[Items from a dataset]
↓
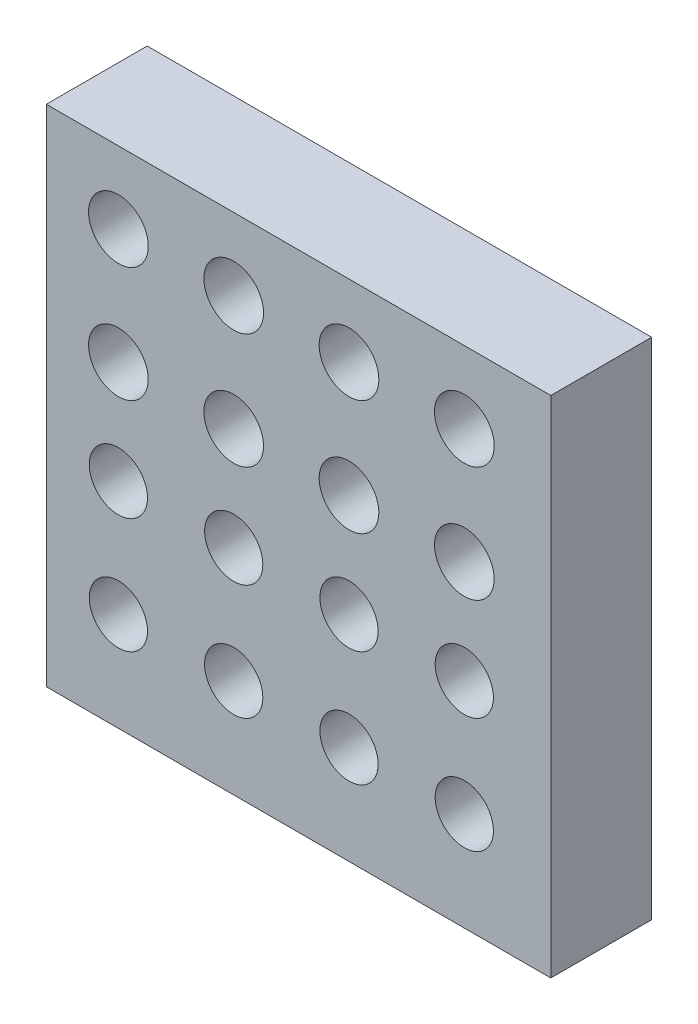
ISO-10303-21;
HEADER;
FILE_DESCRIPTION(('STEP AP214'),'2;1');
FILE_NAME('part.step','',(''),(''),'','','');
FILE_SCHEMA(('AUTOMOTIVE_DESIGN { 1 0 10303 214 1 1 1 1 }'));
ENDSEC;
DATA;
#1=APPLICATION_CONTEXT('core data for automotive mechanical design processes');
#2=APPLICATION_PROTOCOL_DEFINITION('international standard','automotive_design',2000,#1);
#3=PRODUCT_CONTEXT('',#1,'mechanical');
#4=PRODUCT('Part','Part','',(#3));
#5=PRODUCT_RELATED_PRODUCT_CATEGORY('part','',(#4));
#6=PRODUCT_DEFINITION_FORMATION('','',#4);
#7=PRODUCT_DEFINITION_CONTEXT('part definition',#1,'design');
#8=PRODUCT_DEFINITION('design','',#6,#7);
#9=PRODUCT_DEFINITION_SHAPE('','',#8);
#10=(LENGTH_UNIT() NAMED_UNIT(*) SI_UNIT(.MILLI.,.METRE.));
#11=(NAMED_UNIT(*) PLANE_ANGLE_UNIT() SI_UNIT($,.RADIAN.));
#12=(NAMED_UNIT(*) SI_UNIT($,.STERADIAN.) SOLID_ANGLE_UNIT());
#13=UNCERTAINTY_MEASURE_WITH_UNIT(LENGTH_MEASURE(1.E-05),#10,'distance_accuracy_value','');
#14=(GEOMETRIC_REPRESENTATION_CONTEXT(3) GLOBAL_UNCERTAINTY_ASSIGNED_CONTEXT((#13)) GLOBAL_UNIT_ASSIGNED_CONTEXT((#10,
#11,#12)) REPRESENTATION_CONTEXT('',''));
#15=CARTESIAN_POINT('',(0.,0.,0.));
#16=DIRECTION('',(0.,0.,1.));
#17=DIRECTION('',(1.,0.,0.));
#18=AXIS2_PLACEMENT_3D('',#15,#16,#17);
#19=CARTESIAN_POINT('',(0.,0.,7.));
#20=DIRECTION('',(1.,0.,0.));
#21=DIRECTION('',(0.,1.,0.));
#22=AXIS2_PLACEMENT_3D('',#19,#20,#21);
#23=PLANE('',#22);
#24=DIRECTION('',(0.,-1.,0.));
#25=VECTOR('',#24,1.);
#26=CARTESIAN_POINT('',(0.,0.,0.));
#27=LINE('',#26,#25);
#28=CARTESIAN_POINT('',(0.,0.,0.));
#29=VERTEX_POINT('',#28);
#30=CARTESIAN_POINT('',(0.,-35.,0.));
#31=VERTEX_POINT('',#30);
#32=EDGE_CURVE('E113',#29,#31,#27,.T.);
#33=ORIENTED_EDGE('',*,*,#32,.T.);
#34=DIRECTION('',(0.,0.,-1.));
#35=VECTOR('',#34,1.);
#36=CARTESIAN_POINT('',(0.,-35.,7.));
#37=LINE('',#36,#35);
#38=CARTESIAN_POINT('',(0.,-35.,7.));
#39=VERTEX_POINT('',#38);
#40=EDGE_CURVE('E11',#39,#31,#37,.T.);
#41=ORIENTED_EDGE('',*,*,#40,.F.);
#42=DIRECTION('',(0.,-1.,0.));
#43=VECTOR('',#42,1.);
#44=CARTESIAN_POINT('',(0.,0.,7.));
#45=LINE('',#44,#43);
#46=CARTESIAN_POINT('',(0.,0.,7.));
#47=VERTEX_POINT('',#46);
#48=EDGE_CURVE('E97',#47,#39,#45,.T.);
#49=ORIENTED_EDGE('',*,*,#48,.F.);
#50=DIRECTION('',(0.,0.,-1.));
#51=VECTOR('',#50,1.);
#52=CARTESIAN_POINT('',(0.,0.,7.));
#53=LINE('',#52,#51);
#54=EDGE_CURVE('E109',#47,#29,#53,.T.);
#55=ORIENTED_EDGE('',*,*,#54,.T.);
#56=EDGE_LOOP('',(#33,#41,#49,#55));
#57=FACE_BOUND('',#56,.T.);
#58=ADVANCED_FACE('F45',(#57),#23,.F.);
#59=CARTESIAN_POINT('',(0.,-35.,7.));
#60=DIRECTION('',(0.,1.,0.));
#61=DIRECTION('',(0.,0.,1.));
#62=AXIS2_PLACEMENT_3D('',#59,#60,#61);
#63=PLANE('',#62);
#64=DIRECTION('',(1.,0.,0.));
#65=VECTOR('',#64,1.);
#66=CARTESIAN_POINT('',(0.,-35.,0.));
#67=LINE('',#66,#65);
#68=CARTESIAN_POINT('',(35.,-35.,0.));
#69=VERTEX_POINT('',#68);
#70=EDGE_CURVE('E102',#31,#69,#67,.T.);
#71=ORIENTED_EDGE('',*,*,#70,.T.);
#72=DIRECTION('',(0.,0.,-1.));
#73=VECTOR('',#72,1.);
#74=CARTESIAN_POINT('',(35.,-35.,7.));
#75=LINE('',#74,#73);
#76=CARTESIAN_POINT('',(35.,-35.,7.));
#77=VERTEX_POINT('',#76);
#78=EDGE_CURVE('E54',#77,#69,#75,.T.);
#79=ORIENTED_EDGE('',*,*,#78,.F.);
#80=DIRECTION('',(1.,0.,0.));
#81=VECTOR('',#80,1.);
#82=CARTESIAN_POINT('',(0.,-35.,7.));
#83=LINE('',#82,#81);
#84=EDGE_CURVE('E92',#39,#77,#83,.T.);
#85=ORIENTED_EDGE('',*,*,#84,.F.);
#86=ORIENTED_EDGE('',*,*,#40,.T.);
#87=EDGE_LOOP('',(#71,#79,#85,#86));
#88=FACE_BOUND('',#87,.T.);
#89=ADVANCED_FACE('F101',(#88),#63,.F.);
#90=CARTESIAN_POINT('',(35.,0.,7.));
#91=DIRECTION('',(-1.,0.,0.));
#92=DIRECTION('',(0.,-1.,0.));
#93=AXIS2_PLACEMENT_3D('',#90,#91,#92);
#94=PLANE('',#93);
#95=DIRECTION('',(0.,1.,0.));
#96=VECTOR('',#95,1.);
#97=CARTESIAN_POINT('',(35.,0.,0.));
#98=LINE('',#97,#96);
#99=CARTESIAN_POINT('',(35.,0.,0.));
#100=VERTEX_POINT('',#99);
#101=EDGE_CURVE('E79',#69,#100,#98,.T.);
#102=ORIENTED_EDGE('',*,*,#101,.T.);
#103=DIRECTION('',(0.,0.,-1.));
#104=VECTOR('',#103,1.);
#105=CARTESIAN_POINT('',(35.,0.,7.));
#106=LINE('',#105,#104);
#107=CARTESIAN_POINT('',(35.,0.,7.));
#108=VERTEX_POINT('',#107);
#109=EDGE_CURVE('E104',#108,#100,#106,.T.);
#110=ORIENTED_EDGE('',*,*,#109,.F.);
#111=DIRECTION('',(0.,1.,0.));
#112=VECTOR('',#111,1.);
#113=CARTESIAN_POINT('',(35.,0.,7.));
#114=LINE('',#113,#112);
#115=EDGE_CURVE('E95',#77,#108,#114,.T.);
#116=ORIENTED_EDGE('',*,*,#115,.F.);
#117=ORIENTED_EDGE('',*,*,#78,.T.);
#118=EDGE_LOOP('',(#102,#110,#116,#117));
#119=FACE_BOUND('',#118,.T.);
#120=ADVANCED_FACE('F105',(#119),#94,.F.);
#121=CARTESIAN_POINT('',(0.,0.,7.));
#122=DIRECTION('',(0.,-1.,0.));
#123=DIRECTION('',(0.,0.,-1.));
#124=AXIS2_PLACEMENT_3D('',#121,#122,#123);
#125=PLANE('',#124);
#126=DIRECTION('',(-1.,0.,0.));
#127=VECTOR('',#126,1.);
#128=CARTESIAN_POINT('',(0.,0.,0.));
#129=LINE('',#128,#127);
#130=EDGE_CURVE('E85',#100,#29,#129,.T.);
#131=ORIENTED_EDGE('',*,*,#130,.T.);
#132=ORIENTED_EDGE('',*,*,#54,.F.);
#133=DIRECTION('',(-1.,0.,0.));
#134=VECTOR('',#133,1.);
#135=CARTESIAN_POINT('',(0.,0.,7.));
#136=LINE('',#135,#134);
#137=EDGE_CURVE('E62',#108,#47,#136,.T.);
#138=ORIENTED_EDGE('',*,*,#137,.F.);
#139=ORIENTED_EDGE('',*,*,#109,.T.);
#140=EDGE_LOOP('',(#131,#132,#138,#139));
#141=FACE_BOUND('',#140,.T.);
#142=ADVANCED_FACE('F127',(#141),#125,.F.);
#143=CARTESIAN_POINT('',(0.,0.,7.));
#144=DIRECTION('',(0.,0.,1.));
#145=DIRECTION('',(1.,0.,0.));
#146=AXIS2_PLACEMENT_3D('',#143,#144,#145);
#147=PLANE('',#146);
#148=CARTESIAN_POINT('',(13.0000000000001,-13.,7.));
#149=DIRECTION('',(0.,0.,1.));
#150=DIRECTION('',(1.,0.,0.));
#151=AXIS2_PLACEMENT_3D('',#148,#149,#150);
#152=CIRCLE('',#151,2.07);
#153=CARTESIAN_POINT('',(15.0700000000001,-13.,7.));
#154=VERTEX_POINT('',#153);
#155=EDGE_CURVE('E147',#154,#154,#152,.T.);
#156=ORIENTED_EDGE('',*,*,#155,.F.);
#157=EDGE_LOOP('',(#156));
#158=FACE_BOUND('',#157,.T.);
#159=CARTESIAN_POINT('',(21.0000000000001,-13.,7.));
#160=DIRECTION('',(0.,0.,1.));
#161=DIRECTION('',(1.,0.,0.));
#162=AXIS2_PLACEMENT_3D('',#159,#160,#161);
#163=CIRCLE('',#162,2.07);
#164=CARTESIAN_POINT('',(23.0700000000001,-13.,7.));
#165=VERTEX_POINT('',#164);
#166=EDGE_CURVE('E178',#165,#165,#163,.T.);
#167=ORIENTED_EDGE('',*,*,#166,.F.);
#168=EDGE_LOOP('',(#167));
#169=FACE_BOUND('',#168,.T.);
#170=CARTESIAN_POINT('',(29.0000000000001,-13.,7.));
#171=DIRECTION('',(0.,0.,1.));
#172=DIRECTION('',(1.,0.,0.));
#173=AXIS2_PLACEMENT_3D('',#170,#171,#172);
#174=CIRCLE('',#173,2.07);
#175=CARTESIAN_POINT('',(31.0700000000001,-13.,7.));
#176=VERTEX_POINT('',#175);
#177=EDGE_CURVE('E179',#176,#176,#174,.T.);
#178=ORIENTED_EDGE('',*,*,#177,.F.);
#179=EDGE_LOOP('',(#178));
#180=FACE_BOUND('',#179,.T.);
#181=CARTESIAN_POINT('',(5.00000000000008,-20.1498357522851,7.));
#182=DIRECTION('',(0.,0.,1.));
#183=DIRECTION('',(1.,0.,0.));
#184=AXIS2_PLACEMENT_3D('',#181,#182,#183);
#185=CIRCLE('',#184,2.02);
#186=CARTESIAN_POINT('',(7.02000000000008,-20.1498357522851,7.));
#187=VERTEX_POINT('',#186);
#188=EDGE_CURVE('E194',#187,#187,#185,.T.);
#189=ORIENTED_EDGE('',*,*,#188,.F.);
#190=EDGE_LOOP('',(#189));
#191=FACE_BOUND('',#190,.T.);
#192=CARTESIAN_POINT('',(29.,-5.,7.));
#193=DIRECTION('',(0.,0.,1.));
#194=DIRECTION('',(1.,0.,0.));
#195=AXIS2_PLACEMENT_3D('',#192,#193,#194);
#196=CIRCLE('',#195,2.07);
#197=CARTESIAN_POINT('',(31.07,-5.,7.));
#198=VERTEX_POINT('',#197);
#199=EDGE_CURVE('E146',#198,#198,#196,.T.);
#200=ORIENTED_EDGE('',*,*,#199,.F.);
#201=EDGE_LOOP('',(#200));
#202=FACE_BOUND('',#201,.T.);
#203=CARTESIAN_POINT('',(21.,-5.,7.));
#204=DIRECTION('',(0.,0.,1.));
#205=DIRECTION('',(1.,0.,0.));
#206=AXIS2_PLACEMENT_3D('',#203,#204,#205);
#207=CIRCLE('',#206,2.07);
#208=CARTESIAN_POINT('',(23.07,-5.,7.));
#209=VERTEX_POINT('',#208);
#210=EDGE_CURVE('E155',#209,#209,#207,.T.);
#211=ORIENTED_EDGE('',*,*,#210,.F.);
#212=EDGE_LOOP('',(#211));
#213=FACE_BOUND('',#212,.T.);
#214=CARTESIAN_POINT('',(13.,-5.,7.));
#215=DIRECTION('',(0.,0.,1.));
#216=DIRECTION('',(1.,0.,0.));
#217=AXIS2_PLACEMENT_3D('',#214,#215,#216);
#218=CIRCLE('',#217,2.07);
#219=CARTESIAN_POINT('',(15.07,-5.,7.));
#220=VERTEX_POINT('',#219);
#221=EDGE_CURVE('E163',#220,#220,#218,.T.);
#222=ORIENTED_EDGE('',*,*,#221,.F.);
#223=EDGE_LOOP('',(#222));
#224=FACE_BOUND('',#223,.T.);
#225=CARTESIAN_POINT('',(5.00000000000008,-13.,7.));
#226=DIRECTION('',(0.,0.,1.));
#227=DIRECTION('',(1.,0.,0.));
#228=AXIS2_PLACEMENT_3D('',#225,#226,#227);
#229=CIRCLE('',#228,2.07);
#230=CARTESIAN_POINT('',(7.07000000000008,-13.,7.));
#231=VERTEX_POINT('',#230);
#232=EDGE_CURVE('E138',#231,#231,#229,.T.);
#233=ORIENTED_EDGE('',*,*,#232,.F.);
#234=EDGE_LOOP('',(#233));
#235=FACE_BOUND('',#234,.T.);
#236=CARTESIAN_POINT('',(5.00000000000017,-28.1498357522851,7.));
#237=DIRECTION('',(0.,0.,1.));
#238=DIRECTION('',(1.,0.,0.));
#239=AXIS2_PLACEMENT_3D('',#236,#237,#238);
#240=CIRCLE('',#239,2.02);
#241=CARTESIAN_POINT('',(7.02000000000017,-28.1498357522851,7.));
#242=VERTEX_POINT('',#241);
#243=EDGE_CURVE('E242',#242,#242,#240,.T.);
#244=ORIENTED_EDGE('',*,*,#243,.F.);
#245=EDGE_LOOP('',(#244));
#246=FACE_BOUND('',#245,.T.);
#247=CARTESIAN_POINT('',(29.0000000000002,-28.1498357522851,7.));
#248=DIRECTION('',(0.,0.,1.));
#249=DIRECTION('',(1.,0.,0.));
#250=AXIS2_PLACEMENT_3D('',#247,#248,#249);
#251=CIRCLE('',#250,2.02);
#252=CARTESIAN_POINT('',(31.0200000000002,-28.1498357522851,7.));
#253=VERTEX_POINT('',#252);
#254=EDGE_CURVE('E250',#253,#253,#251,.T.);
#255=ORIENTED_EDGE('',*,*,#254,.F.);
#256=EDGE_LOOP('',(#255));
#257=FACE_BOUND('',#256,.T.);
#258=CARTESIAN_POINT('',(21.0000000000002,-28.1498357522851,7.));
#259=DIRECTION('',(0.,0.,1.));
#260=DIRECTION('',(1.,0.,0.));
#261=AXIS2_PLACEMENT_3D('',#258,#259,#260);
#262=CIRCLE('',#261,2.02);
#263=CARTESIAN_POINT('',(23.0200000000002,-28.1498357522851,7.));
#264=VERTEX_POINT('',#263);
#265=EDGE_CURVE('E227',#264,#264,#262,.T.);
#266=ORIENTED_EDGE('',*,*,#265,.F.);
#267=EDGE_LOOP('',(#266));
#268=FACE_BOUND('',#267,.T.);
#269=CARTESIAN_POINT('',(13.0000000000001,-20.1498357522851,7.));
#270=DIRECTION('',(0.,0.,1.));
#271=DIRECTION('',(1.,0.,0.));
#272=AXIS2_PLACEMENT_3D('',#269,#270,#271);
#273=CIRCLE('',#272,2.02);
#274=CARTESIAN_POINT('',(15.0200000000001,-20.1498357522851,7.));
#275=VERTEX_POINT('',#274);
#276=EDGE_CURVE('E195',#275,#275,#273,.T.);
#277=ORIENTED_EDGE('',*,*,#276,.F.);
#278=EDGE_LOOP('',(#277));
#279=FACE_BOUND('',#278,.T.);
#280=CARTESIAN_POINT('',(21.0000000000001,-20.1498357522851,7.));
#281=DIRECTION('',(0.,0.,1.));
#282=DIRECTION('',(1.,0.,0.));
#283=AXIS2_PLACEMENT_3D('',#280,#281,#282);
#284=CIRCLE('',#283,2.02);
#285=CARTESIAN_POINT('',(23.0200000000001,-20.1498357522851,7.));
#286=VERTEX_POINT('',#285);
#287=EDGE_CURVE('E210',#286,#286,#284,.T.);
#288=ORIENTED_EDGE('',*,*,#287,.F.);
#289=EDGE_LOOP('',(#288));
#290=FACE_BOUND('',#289,.T.);
#291=CARTESIAN_POINT('',(29.0000000000001,-20.1498357522851,7.));
#292=DIRECTION('',(0.,0.,1.));
#293=DIRECTION('',(1.,0.,0.));
#294=AXIS2_PLACEMENT_3D('',#291,#292,#293);
#295=CIRCLE('',#294,2.02);
#296=CARTESIAN_POINT('',(31.0200000000001,-20.1498357522851,7.));
#297=VERTEX_POINT('',#296);
#298=EDGE_CURVE('E211',#297,#297,#295,.T.);
#299=ORIENTED_EDGE('',*,*,#298,.F.);
#300=EDGE_LOOP('',(#299));
#301=FACE_BOUND('',#300,.T.);
#302=CARTESIAN_POINT('',(13.0000000000002,-28.1498357522851,7.));
#303=DIRECTION('',(0.,0.,1.));
#304=DIRECTION('',(1.,0.,0.));
#305=AXIS2_PLACEMENT_3D('',#302,#303,#304);
#306=CIRCLE('',#305,2.02);
#307=CARTESIAN_POINT('',(15.0200000000002,-28.1498357522851,7.));
#308=VERTEX_POINT('',#307);
#309=EDGE_CURVE('E226',#308,#308,#306,.T.);
#310=ORIENTED_EDGE('',*,*,#309,.F.);
#311=EDGE_LOOP('',(#310));
#312=FACE_BOUND('',#311,.T.);
#313=CARTESIAN_POINT('',(5.,-5.,7.));
#314=DIRECTION('',(0.,0.,1.));
#315=DIRECTION('',(1.,0.,0.));
#316=AXIS2_PLACEMENT_3D('',#313,#314,#315);
#317=CIRCLE('',#316,2.07);
#318=CARTESIAN_POINT('',(7.07,-5.,7.));
#319=VERTEX_POINT('',#318);
#320=EDGE_CURVE('E134',#319,#319,#317,.T.);
#321=ORIENTED_EDGE('',*,*,#320,.F.);
#322=EDGE_LOOP('',(#321));
#323=FACE_BOUND('',#322,.T.);
#324=ORIENTED_EDGE('',*,*,#48,.T.);
#325=ORIENTED_EDGE('',*,*,#84,.T.);
#326=ORIENTED_EDGE('',*,*,#115,.T.);
#327=ORIENTED_EDGE('',*,*,#137,.T.);
#328=EDGE_LOOP('',(#324,#325,#326,#327));
#329=FACE_BOUND('',#328,.T.);
#330=ADVANCED_FACE('F93',(#158,#169,#180,#191,#202,#213,#224,#235,#246,#257,#268,#279,#290,#301,
#312,#323,#329),#147,.T.);
#331=CARTESIAN_POINT('',(0.,0.,0.));
#332=DIRECTION('',(0.,0.,1.));
#333=DIRECTION('',(1.,0.,0.));
#334=AXIS2_PLACEMENT_3D('',#331,#332,#333);
#335=PLANE('',#334);
#336=ORIENTED_EDGE('',*,*,#32,.F.);
#337=ORIENTED_EDGE('',*,*,#130,.F.);
#338=ORIENTED_EDGE('',*,*,#101,.F.);
#339=ORIENTED_EDGE('',*,*,#70,.F.);
#340=EDGE_LOOP('',(#336,#337,#338,#339));
#341=FACE_BOUND('',#340,.T.);
#342=ADVANCED_FACE('F130',(#341),#335,.F.);
#343=CARTESIAN_POINT('',(5.,-5.,2.));
#344=DIRECTION('',(0.,0.,1.));
#345=DIRECTION('',(1.,0.,0.));
#346=AXIS2_PLACEMENT_3D('',#343,#344,#345);
#347=CYLINDRICAL_SURFACE('',#346,2.07);
#348=CARTESIAN_POINT('',(5.,-5.,2.));
#349=DIRECTION('',(0.,0.,1.));
#350=DIRECTION('',(1.,0.,0.));
#351=AXIS2_PLACEMENT_3D('',#348,#349,#350);
#352=CIRCLE('',#351,2.07);
#353=CARTESIAN_POINT('',(7.07,-5.,2.));
#354=VERTEX_POINT('',#353);
#355=EDGE_CURVE('E117',#354,#354,#352,.T.);
#356=ORIENTED_EDGE('',*,*,#355,.F.);
#357=EDGE_LOOP('',(#356));
#358=FACE_BOUND('',#357,.T.);
#359=ORIENTED_EDGE('',*,*,#320,.T.);
#360=EDGE_LOOP('',(#359));
#361=FACE_BOUND('',#360,.T.);
#362=ADVANCED_FACE('F278',(#358,#361),#347,.F.);
#363=CARTESIAN_POINT('',(5.,-5.,2.));
#364=DIRECTION('',(0.,0.,1.));
#365=DIRECTION('',(1.,0.,0.));
#366=AXIS2_PLACEMENT_3D('',#363,#364,#365);
#367=PLANE('',#366);
#368=ORIENTED_EDGE('',*,*,#355,.T.);
#369=EDGE_LOOP('',(#368));
#370=FACE_BOUND('',#369,.T.);
#371=ADVANCED_FACE('F280',(#370),#367,.T.);
#372=CARTESIAN_POINT('',(13.0000000000002,-28.1498357522851,2.));
#373=DIRECTION('',(0.,0.,1.));
#374=DIRECTION('',(1.,0.,0.));
#375=AXIS2_PLACEMENT_3D('',#372,#373,#374);
#376=CYLINDRICAL_SURFACE('',#375,2.02);
#377=CARTESIAN_POINT('',(13.0000000000002,-28.1498357522851,2.));
#378=DIRECTION('',(0.,0.,1.));
#379=DIRECTION('',(1.,0.,0.));
#380=AXIS2_PLACEMENT_3D('',#377,#378,#379);
#381=CIRCLE('',#380,2.02);
#382=CARTESIAN_POINT('',(15.0200000000002,-28.1498357522851,2.));
#383=VERTEX_POINT('',#382);
#384=EDGE_CURVE('E222',#383,#383,#381,.T.);
#385=ORIENTED_EDGE('',*,*,#384,.F.);
#386=EDGE_LOOP('',(#385));
#387=FACE_BOUND('',#386,.T.);
#388=ORIENTED_EDGE('',*,*,#309,.T.);
#389=EDGE_LOOP('',(#388));
#390=FACE_BOUND('',#389,.T.);
#391=ADVANCED_FACE('F286',(#387,#390),#376,.F.);
#392=CARTESIAN_POINT('',(13.0000000000002,-28.1498357522851,2.));
#393=DIRECTION('',(0.,0.,1.));
#394=DIRECTION('',(1.,0.,0.));
#395=AXIS2_PLACEMENT_3D('',#392,#393,#394);
#396=PLANE('',#395);
#397=ORIENTED_EDGE('',*,*,#384,.T.);
#398=EDGE_LOOP('',(#397));
#399=FACE_BOUND('',#398,.T.);
#400=ADVANCED_FACE('F337',(#399),#396,.T.);
#401=CARTESIAN_POINT('',(29.0000000000001,-20.1498357522851,2.));
#402=DIRECTION('',(0.,0.,1.));
#403=DIRECTION('',(1.,0.,0.));
#404=AXIS2_PLACEMENT_3D('',#401,#402,#403);
#405=CYLINDRICAL_SURFACE('',#404,2.02);
#406=CARTESIAN_POINT('',(29.0000000000001,-20.1498357522851,2.));
#407=DIRECTION('',(0.,0.,1.));
#408=DIRECTION('',(1.,0.,0.));
#409=AXIS2_PLACEMENT_3D('',#406,#407,#408);
#410=CIRCLE('',#409,2.02);
#411=CARTESIAN_POINT('',(31.0200000000001,-20.1498357522851,2.));
#412=VERTEX_POINT('',#411);
#413=EDGE_CURVE('E231',#412,#412,#410,.T.);
#414=ORIENTED_EDGE('',*,*,#413,.F.);
#415=EDGE_LOOP('',(#414));
#416=FACE_BOUND('',#415,.T.);
#417=ORIENTED_EDGE('',*,*,#298,.T.);
#418=EDGE_LOOP('',(#417));
#419=FACE_BOUND('',#418,.T.);
#420=ADVANCED_FACE('F346',(#416,#419),#405,.F.);
#421=CARTESIAN_POINT('',(29.0000000000001,-20.1498357522851,2.));
#422=DIRECTION('',(0.,0.,1.));
#423=DIRECTION('',(1.,0.,0.));
#424=AXIS2_PLACEMENT_3D('',#421,#422,#423);
#425=PLANE('',#424);
#426=ORIENTED_EDGE('',*,*,#413,.T.);
#427=EDGE_LOOP('',(#426));
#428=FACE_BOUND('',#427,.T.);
↑
## Brief
Copy out only the lines of the records above from the one with "#226=DIRECTION('',(0.,0.,1.));" through the one with "#237=DIRECTION('',(0.,0.,1.));", exactly as they stand, both included.

## Output for this task
#226=DIRECTION('',(0.,0.,1.));
#227=DIRECTION('',(1.,0.,0.));
#228=AXIS2_PLACEMENT_3D('',#225,#226,#227);
#229=CIRCLE('',#228,2.07);
#230=CARTESIAN_POINT('',(7.07000000000008,-13.,7.));
#231=VERTEX_POINT('',#230);
#232=EDGE_CURVE('E138',#231,#231,#229,.T.);
#233=ORIENTED_EDGE('',*,*,#232,.F.);
#234=EDGE_LOOP('',(#233));
#235=FACE_BOUND('',#234,.T.);
#236=CARTESIAN_POINT('',(5.00000000000017,-28.1498357522851,7.));
#237=DIRECTION('',(0.,0.,1.));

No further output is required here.